Loaded following data from checkpoint:
  Cells x:                  1000
  Cells y:                  1000
  Simulation size x:        100
  Simulation size y:        100
  Offset x:                 0
  Offset y:                 0
  Current simulation time:  0.268059
  Current time step:        118

Setting up solver...
Setup done. Operation took 64.2207ms = 6.42207e-05s
Writing every 100 time steps
Saving checkpoint every 5 seconds
entering time loop
saving checkpoint to checkpoints/solution.nc
^C

It can be seen the after aborting the program, it loads from a checkpoint file the next time it is executed. If there is a solution file but no checkpoint file for it, the existing solution will simply be deleted. If there is a checkpoint but no solution file, the solution file will be set up again and the simulation will start with the data provided by the checkpoint file.

The checkpoint frequency is provided using real time seconds. The smallest value is 1. If the provided number is less, checkpointing will be disabled.

We also decided on using a single checkpoint file and just overriding it every time.
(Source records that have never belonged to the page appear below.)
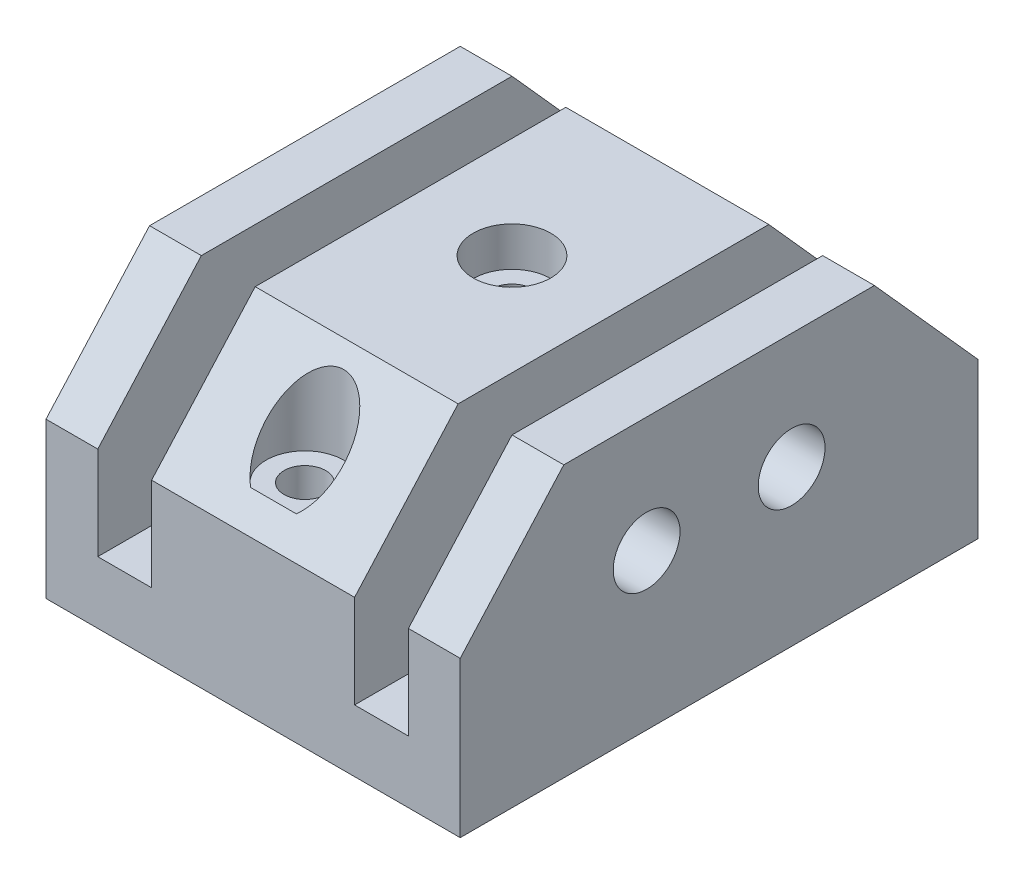
ISO-10303-21;
HEADER;
FILE_DESCRIPTION(('STEP AP214'),'2;1');
FILE_NAME('part.step','',(''),(''),'','','');
FILE_SCHEMA(('AUTOMOTIVE_DESIGN { 1 0 10303 214 1 1 1 1 }'));
ENDSEC;
DATA;
#1=APPLICATION_CONTEXT('core data for automotive mechanical design processes');
#2=APPLICATION_PROTOCOL_DEFINITION('international standard','automotive_design',2000,#1);
#3=PRODUCT_CONTEXT('',#1,'mechanical');
#4=PRODUCT('Part','Part','',(#3));
#5=PRODUCT_RELATED_PRODUCT_CATEGORY('part','',(#4));
#6=PRODUCT_DEFINITION_FORMATION('','',#4);
#7=PRODUCT_DEFINITION_CONTEXT('part definition',#1,'design');
#8=PRODUCT_DEFINITION('design','',#6,#7);
#9=PRODUCT_DEFINITION_SHAPE('','',#8);
#10=(LENGTH_UNIT() NAMED_UNIT(*) SI_UNIT(.MILLI.,.METRE.));
#11=(NAMED_UNIT(*) PLANE_ANGLE_UNIT() SI_UNIT($,.RADIAN.));
#12=(NAMED_UNIT(*) SI_UNIT($,.STERADIAN.) SOLID_ANGLE_UNIT());
#13=UNCERTAINTY_MEASURE_WITH_UNIT(LENGTH_MEASURE(1.E-05),#10,'distance_accuracy_value','');
#14=(GEOMETRIC_REPRESENTATION_CONTEXT(3) GLOBAL_UNCERTAINTY_ASSIGNED_CONTEXT((#13)) GLOBAL_UNIT_ASSIGNED_CONTEXT((#10,
#11,#12)) REPRESENTATION_CONTEXT('',''));
#15=CARTESIAN_POINT('',(0.,0.,0.));
#16=DIRECTION('',(0.,0.,1.));
#17=DIRECTION('',(1.,0.,0.));
#18=AXIS2_PLACEMENT_3D('',#15,#16,#17);
#19=CARTESIAN_POINT('',(-50.8,19.05,0.));
#20=DIRECTION('',(0.,0.666666666666667,0.74535599249993));
#21=DIRECTION('',(0.,-0.74535599249993,0.666666666666667));
#22=AXIS2_PLACEMENT_3D('',#19,#20,#21);
#23=PLANE('',#22);
#24=DIRECTION('',(0.,-0.74535599249993,0.666666666666667));
#25=VECTOR('',#24,1.);
#26=CARTESIAN_POINT('',(-44.45,19.05,0.));
#27=LINE('',#26,#25);
#28=CARTESIAN_POINT('',(-44.45,33.2490316571237,-12.7));
#29=VERTEX_POINT('',#28);
#30=CARTESIAN_POINT('',(-44.45,19.05,0.));
#31=VERTEX_POINT('',#30);
#32=EDGE_CURVE('E362',#29,#31,#27,.T.);
#33=ORIENTED_EDGE('',*,*,#32,.F.);
#34=DIRECTION('',(1.,0.,0.));
#35=VECTOR('',#34,1.);
#36=CARTESIAN_POINT('',(-50.8,33.2490316571237,-12.7));
#37=LINE('',#36,#35);
#38=CARTESIAN_POINT('',(-50.8,33.2490316571237,-12.7));
#39=VERTEX_POINT('',#38);
#40=EDGE_CURVE('E211',#39,#29,#37,.T.);
#41=ORIENTED_EDGE('',*,*,#40,.F.);
#42=DIRECTION('',(0.,-0.74535599249993,0.666666666666667));
#43=VECTOR('',#42,1.);
#44=CARTESIAN_POINT('',(-50.8,19.05,0.));
#45=LINE('',#44,#43);
#46=CARTESIAN_POINT('',(-50.8,19.05,0.));
#47=VERTEX_POINT('',#46);
#48=EDGE_CURVE('E338',#39,#47,#45,.T.);
#49=ORIENTED_EDGE('',*,*,#48,.T.);
#50=DIRECTION('',(1.,0.,0.));
#51=VECTOR('',#50,1.);
#52=CARTESIAN_POINT('',(-50.8,19.05,0.));
#53=LINE('',#52,#51);
#54=EDGE_CURVE('E206',#47,#31,#53,.T.);
#55=ORIENTED_EDGE('',*,*,#54,.T.);
#56=EDGE_LOOP('',(#33,#41,#49,#55));
#57=FACE_BOUND('',#56,.T.);
#58=ADVANCED_FACE('F34',(#57),#23,.T.);
#59=CARTESIAN_POINT('',(-50.8,33.2490316571237,-12.7));
#60=DIRECTION('',(0.,1.,0.));
#61=DIRECTION('',(0.,0.,1.));
#62=AXIS2_PLACEMENT_3D('',#59,#60,#61);
#63=PLANE('',#62);
#64=DIRECTION('',(0.,0.,-1.));
#65=VECTOR('',#64,1.);
#66=CARTESIAN_POINT('',(-44.45,33.2490316571237,0.));
#67=LINE('',#66,#65);
#68=CARTESIAN_POINT('',(-44.45,33.2490316571237,-50.8));
#69=VERTEX_POINT('',#68);
#70=EDGE_CURVE('E370',#29,#69,#67,.T.);
#71=ORIENTED_EDGE('',*,*,#70,.T.);
#72=DIRECTION('',(1.,0.,0.));
#73=VECTOR('',#72,1.);
#74=CARTESIAN_POINT('',(-50.8,33.2490316571237,-50.8));
#75=LINE('',#74,#73);
#76=CARTESIAN_POINT('',(-50.8,33.2490316571237,-50.8));
#77=VERTEX_POINT('',#76);
#78=EDGE_CURVE('E219',#77,#69,#75,.T.);
#79=ORIENTED_EDGE('',*,*,#78,.F.);
#80=DIRECTION('',(0.,0.,1.));
#81=VECTOR('',#80,1.);
#82=CARTESIAN_POINT('',(-50.8,33.2490316571237,-12.7));
#83=LINE('',#82,#81);
#84=EDGE_CURVE('E333',#77,#39,#83,.T.);
#85=ORIENTED_EDGE('',*,*,#84,.T.);
#86=ORIENTED_EDGE('',*,*,#40,.T.);
#87=EDGE_LOOP('',(#71,#79,#85,#86));
#88=FACE_BOUND('',#87,.T.);
#89=ADVANCED_FACE('F289',(#88),#63,.T.);
#90=CARTESIAN_POINT('',(-50.8,33.2490316571237,-50.8));
#91=DIRECTION('',(0.,0.666666666666666,-0.74535599249993));
#92=DIRECTION('',(0.,0.74535599249993,0.666666666666666));
#93=AXIS2_PLACEMENT_3D('',#90,#91,#92);
#94=PLANE('',#93);
#95=DIRECTION('',(0.,0.74535599249993,0.666666666666666));
#96=VECTOR('',#95,1.);
#97=CARTESIAN_POINT('',(-44.45,33.2490316571237,-50.8));
#98=LINE('',#97,#96);
#99=CARTESIAN_POINT('',(-44.45,19.05,-63.5));
#100=VERTEX_POINT('',#99);
#101=EDGE_CURVE('E194',#100,#69,#98,.T.);
#102=ORIENTED_EDGE('',*,*,#101,.F.);
#103=DIRECTION('',(1.,0.,0.));
#104=VECTOR('',#103,1.);
#105=CARTESIAN_POINT('',(-50.8,19.05,-63.5));
#106=LINE('',#105,#104);
#107=CARTESIAN_POINT('',(-50.8,19.05,-63.5));
#108=VERTEX_POINT('',#107);
#109=EDGE_CURVE('E224',#108,#100,#106,.T.);
#110=ORIENTED_EDGE('',*,*,#109,.F.);
#111=DIRECTION('',(0.,0.74535599249993,0.666666666666666));
#112=VECTOR('',#111,1.);
#113=CARTESIAN_POINT('',(-50.8,33.2490316571237,-50.8));
#114=LINE('',#113,#112);
#115=EDGE_CURVE('E331',#108,#77,#114,.T.);
#116=ORIENTED_EDGE('',*,*,#115,.T.);
#117=ORIENTED_EDGE('',*,*,#78,.T.);
#118=EDGE_LOOP('',(#102,#110,#116,#117));
#119=FACE_BOUND('',#118,.T.);
#120=ADVANCED_FACE('F181',(#119),#94,.T.);
#121=DIRECTION('',(1.,0.,0.));
#122=VECTOR('',#121,1.);
#123=CARTESIAN_POINT('',(-50.8,21.844,-2.49902957165377));
#124=LINE('',#123,#122);
#125=CARTESIAN_POINT('',(-28.2020408651558,21.844,-2.49902957165377));
#126=VERTEX_POINT('',#125);
#127=CARTESIAN_POINT('',(-22.5979591348442,21.844,-2.49902957165377));
#128=VERTEX_POINT('',#127);
#129=EDGE_CURVE('E11',#126,#128,#124,.T.);
#130=ORIENTED_EDGE('',*,*,#129,.F.);
#131=CARTESIAN_POINT('',(-25.4,26.1495158285618,-6.35));
#132=DIRECTION('',(0.,0.666666666666667,0.74535599249993));
#133=DIRECTION('',(0.,0.74535599249993,-0.666666666666667));
#134=AXIS2_PLACEMENT_3D('',#131,#132,#133);
#135=ELLIPSE('',#134,7.14374999999999,4.7625);
#136=EDGE_CURVE('E42',#128,#126,#135,.T.);
#137=ORIENTED_EDGE('',*,*,#136,.F.);
#138=EDGE_LOOP('',(#130,#137));
#139=FACE_BOUND('',#138,.T.);
#140=DIRECTION('',(0.,0.74535599249993,-0.666666666666667));
#141=VECTOR('',#140,1.);
#142=CARTESIAN_POINT('',(-37.846,19.05,0.));
#143=LINE('',#142,#141);
#144=CARTESIAN_POINT('',(-37.846,19.05,0.));
#145=VERTEX_POINT('',#144);
#146=CARTESIAN_POINT('',(-37.846,33.2490316571237,-12.7));
#147=VERTEX_POINT('',#146);
#148=EDGE_CURVE('E186',#145,#147,#143,.T.);
#149=ORIENTED_EDGE('',*,*,#148,.F.);
#150=CARTESIAN_POINT('',(-12.954,19.05,0.));
#151=VERTEX_POINT('',#150);
#152=EDGE_CURVE('E189',#145,#151,#53,.T.);
#153=ORIENTED_EDGE('',*,*,#152,.T.);
#154=DIRECTION('',(0.,-0.74535599249993,0.666666666666667));
#155=VECTOR('',#154,1.);
#156=CARTESIAN_POINT('',(-12.954,19.05,0.));
#157=LINE('',#156,#155);
#158=CARTESIAN_POINT('',(-12.954,33.2490316571237,-12.7));
#159=VERTEX_POINT('',#158);
#160=EDGE_CURVE('E319',#159,#151,#157,.T.);
#161=ORIENTED_EDGE('',*,*,#160,.F.);
#162=EDGE_CURVE('E191',#147,#159,#37,.T.);
#163=ORIENTED_EDGE('',*,*,#162,.F.);
#164=EDGE_LOOP('',(#149,#153,#161,#163));
#165=FACE_BOUND('',#164,.T.);
#166=ADVANCED_FACE('F177',(#139,#165),#23,.T.);
#167=CARTESIAN_POINT('',(-25.4,33.2490316571237,-31.75));
#168=DIRECTION('',(0.,1.,0.));
#169=DIRECTION('',(0.,0.,1.));
#170=AXIS2_PLACEMENT_3D('',#167,#168,#169);
#171=CIRCLE('',#170,4.7625);
#172=CARTESIAN_POINT('',(-25.4,33.2490316571237,-26.9875));
#173=VERTEX_POINT('',#172);
#174=EDGE_CURVE('E424',#173,#173,#171,.T.);
#175=ORIENTED_EDGE('',*,*,#174,.F.);
#176=EDGE_LOOP('',(#175));
#177=FACE_BOUND('',#176,.T.);
#178=DIRECTION('',(0.,0.,-1.));
#179=VECTOR('',#178,1.);
#180=CARTESIAN_POINT('',(-37.846,33.2490316571237,0.));
#181=LINE('',#180,#179);
#182=CARTESIAN_POINT('',(-37.846,33.2490316571237,-50.8));
#183=VERTEX_POINT('',#182);
#184=EDGE_CURVE('E373',#147,#183,#181,.T.);
#185=ORIENTED_EDGE('',*,*,#184,.F.);
#186=ORIENTED_EDGE('',*,*,#162,.T.);
#187=DIRECTION('',(0.,0.,-1.));
#188=VECTOR('',#187,1.);
#189=CARTESIAN_POINT('',(-12.954,33.2490316571237,0.));
#190=LINE('',#189,#188);
#191=CARTESIAN_POINT('',(-12.954,33.2490316571237,-50.8));
#192=VERTEX_POINT('',#191);
#193=EDGE_CURVE('E344',#159,#192,#190,.T.);
#194=ORIENTED_EDGE('',*,*,#193,.T.);
#195=EDGE_CURVE('E222',#183,#192,#75,.T.);
#196=ORIENTED_EDGE('',*,*,#195,.F.);
#197=EDGE_LOOP('',(#185,#186,#194,#196));
#198=FACE_BOUND('',#197,.T.);
#199=ADVANCED_FACE('F180',(#177,#198),#63,.T.);
#200=DIRECTION('',(-1.,0.,0.));
#201=VECTOR('',#200,1.);
#202=CARTESIAN_POINT('',(-50.8,21.844,-61.0009704283462));
#203=LINE('',#202,#201);
#204=CARTESIAN_POINT('',(-22.5979591348442,21.844,-61.0009704283462));
#205=VERTEX_POINT('',#204);
#206=CARTESIAN_POINT('',(-28.2020408651557,21.844,-61.0009704283462));
#207=VERTEX_POINT('',#206);
#208=EDGE_CURVE('E171',#205,#207,#203,.T.);
#209=ORIENTED_EDGE('',*,*,#208,.F.);
#210=CARTESIAN_POINT('',(-25.4,26.1495158285618,-57.15));
#211=DIRECTION('',(0.,0.666666666666666,-0.74535599249993));
#212=DIRECTION('',(0.,0.74535599249993,0.666666666666666));
#213=AXIS2_PLACEMENT_3D('',#210,#211,#212);
#214=ELLIPSE('',#213,7.14375,4.7625);
#215=EDGE_CURVE('E256',#207,#205,#214,.T.);
#216=ORIENTED_EDGE('',*,*,#215,.F.);
#217=EDGE_LOOP('',(#209,#216));
#218=FACE_BOUND('',#217,.T.);
#219=DIRECTION('',(0.,-0.74535599249993,-0.666666666666666));
#220=VECTOR('',#219,1.);
#221=CARTESIAN_POINT('',(-37.846,33.2490316571237,-50.8));
#222=LINE('',#221,#220);
#223=CARTESIAN_POINT('',(-37.846,19.05,-63.5));
#224=VERTEX_POINT('',#223);
#225=EDGE_CURVE('E195',#183,#224,#222,.T.);
#226=ORIENTED_EDGE('',*,*,#225,.F.);
#227=ORIENTED_EDGE('',*,*,#195,.T.);
#228=DIRECTION('',(0.,0.74535599249993,0.666666666666666));
#229=VECTOR('',#228,1.);
#230=CARTESIAN_POINT('',(-12.954,33.2490316571237,-50.8));
#231=LINE('',#230,#229);
#232=CARTESIAN_POINT('',(-12.954,19.05,-63.5));
#233=VERTEX_POINT('',#232);
#234=EDGE_CURVE('E251',#233,#192,#231,.T.);
#235=ORIENTED_EDGE('',*,*,#234,.F.);
#236=EDGE_CURVE('E227',#224,#233,#106,.T.);
#237=ORIENTED_EDGE('',*,*,#236,.F.);
#238=EDGE_LOOP('',(#226,#227,#235,#237));
#239=FACE_BOUND('',#238,.T.);
#240=ADVANCED_FACE('F274',(#218,#239),#94,.T.);
#241=CARTESIAN_POINT('',(-50.8,0.,0.));
#242=DIRECTION('',(0.,0.,1.));
#243=DIRECTION('',(1.,0.,0.));
#244=AXIS2_PLACEMENT_3D('',#241,#242,#243);
#245=PLANE('',#244);
#246=DIRECTION('',(0.,1.,0.));
#247=VECTOR('',#246,1.);
#248=CARTESIAN_POINT('',(-44.45,7.62,0.));
#249=LINE('',#248,#247);
#250=CARTESIAN_POINT('',(-44.45,7.62,0.));
#251=VERTEX_POINT('',#250);
#252=EDGE_CURVE('E383',#251,#31,#249,.T.);
#253=ORIENTED_EDGE('',*,*,#252,.T.);
#254=ORIENTED_EDGE('',*,*,#54,.F.);
#255=DIRECTION('',(0.,-1.,0.));
#256=VECTOR('',#255,1.);
#257=CARTESIAN_POINT('',(-50.8,0.,0.));
#258=LINE('',#257,#256);
#259=CARTESIAN_POINT('',(-50.8,0.,0.));
#260=VERTEX_POINT('',#259);
#261=EDGE_CURVE('E229',#47,#260,#258,.T.);
#262=ORIENTED_EDGE('',*,*,#261,.T.);
#263=DIRECTION('',(1.,0.,0.));
#264=VECTOR('',#263,1.);
#265=CARTESIAN_POINT('',(-50.8,0.,0.));
#266=LINE('',#265,#264);
#267=CARTESIAN_POINT('',(0.,0.,0.));
#268=VERTEX_POINT('',#267);
#269=EDGE_CURVE('E238',#260,#268,#266,.T.);
#270=ORIENTED_EDGE('',*,*,#269,.T.);
#271=DIRECTION('',(0.,-1.,0.));
#272=VECTOR('',#271,1.);
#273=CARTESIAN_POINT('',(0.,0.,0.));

Furthermore, simply out of convenience, the checkpoint file is deleted after the program ends successfully.

7.2 - Coarse Output

7.2.1 - Implementation

First we added new variables in the NetCdf Constructor:

m_k = i_nk;
m_nkx = i_nx / i_nk;
m_nky = i_ny / i_nk;

m_nkx and m_nky state how many values we have for the x and y direction after dividing them by k. We use these values for the definition of the dimension sizes for x and y.

For each bathymetry, height, momentumX and momentumY we use the following loop. As example for bathymetry:

t_real *l_b = new t_real[m_nkx * m_nky];
l_i = 0;

for (t_idx l_gy = 0; l_gy < m_ny; l_gy += m_k)
{
    for (t_idx l_gx = 0; l_gx < m_nx; l_gx += m_k)
    {
        for (t_idx l_y = 0; l_y < m_k; l_y++)
        {
            for (t_idx l_x = 0; l_x < m_k; l_x++)
            {
                l_b[l_i] += i_b[l_gx + l_x + (l_y + l_gy) * i_stride];
            }
        }
        l_b[l_i] /= m_k * m_k;
        l_i++;
    }
}

checkNcErr(nc_put_var_float(m_ncId,
                                m_varBId,
                                l_b));
delete[] l_b;

We go through x and y and add k for each step, in order to skip the already used cells. Inside the square we again go through all according cells x and y. We use the iteration variables and the stride to get the right values of the array. Afterwards, the data gets written into the NetCdf file and the allocated memory is freed.

7.2.2 - Visualization

We run a script for a cell size of 50 meters. While running the programm we got the following error:

...
simulation time / time steps: 2.55646 / 70
writing to netcdf
saving checkpoint to checkpoints/tohoku_50_5_solution.nc
Error: NetCDF: One or more variable sizes violate format constraints

We thought we had fixed this issue by enabling Large File Support using the “NC_64BIT_OFFSET” specifier in nc_create. It solved the issue for writing our output data, but for some reason not for writing checkpoints. Due to lack of time we were not able to find the issue yet, however we are working on it.

Because of the error the solution file was corrupted and we could not open it in paraview to visualize it.